> _Try it_
Exactly the lines from the one with "start_to_stop -> stop : [traffic == 0]" to the end of the listing must be repeated, both ends included, with nothing added.

> _Extracted entries_

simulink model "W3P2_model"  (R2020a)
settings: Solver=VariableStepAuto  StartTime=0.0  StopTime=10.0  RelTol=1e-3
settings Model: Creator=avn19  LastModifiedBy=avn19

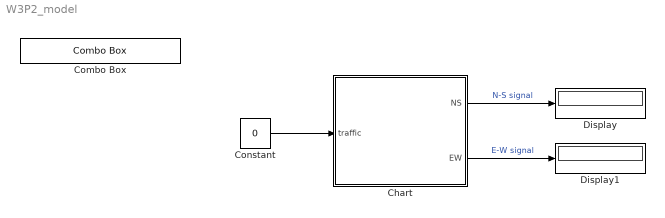
== system W3P2_model ==
  Chart : Stateflow chart  TreatAsAtomicUnit=on
  Combo Box : ComboBox  LabelPosition=Hide  SelectedLabel=Normal traffic
      settings: Values={{'Normal traffic', 'Traffic on North-South', 'Traffic on East-West'}, [0 1 2]}
  Constant : Constant  Value=0
  Display : Display
  Display1 : Display
  wires:
  Constant/1 -> Chart/1(traffic)
  Chart/1(NS) -> Display/1  "N-S signal"
  Chart/2(EW) -> Display1/1  "E-W signal"

== stateflow chart W3P2_model/Chart ==
  state stop
    NS = 1;
    EW= 3;
  state start_to_go
    NS = 2;
    EW = 1;
  state start_to_stop
    NS = 2;
    EW = 1;
  state go
    NS = 3;
    EW = 1;
  (default) -> stop
  stop -> start_to_go : [traffic == 0]{after(10,tick);}
  start_to_stop -> stop : [traffic == 0]
  start_to_go -> go : [traffic == 0]{after(3,tick);}
  go -> start_to_stop : [traffic == 0]{after(20,tick);}
  data: traffic input; NS output; EW output

> _Task answer_
  start_to_stop -> stop : [traffic == 0]
  start_to_go -> go : [traffic == 0]{after(3,tick);}
  go -> start_to_stop : [traffic == 0]{after(20,tick);}
  data: traffic input; NS output; EW output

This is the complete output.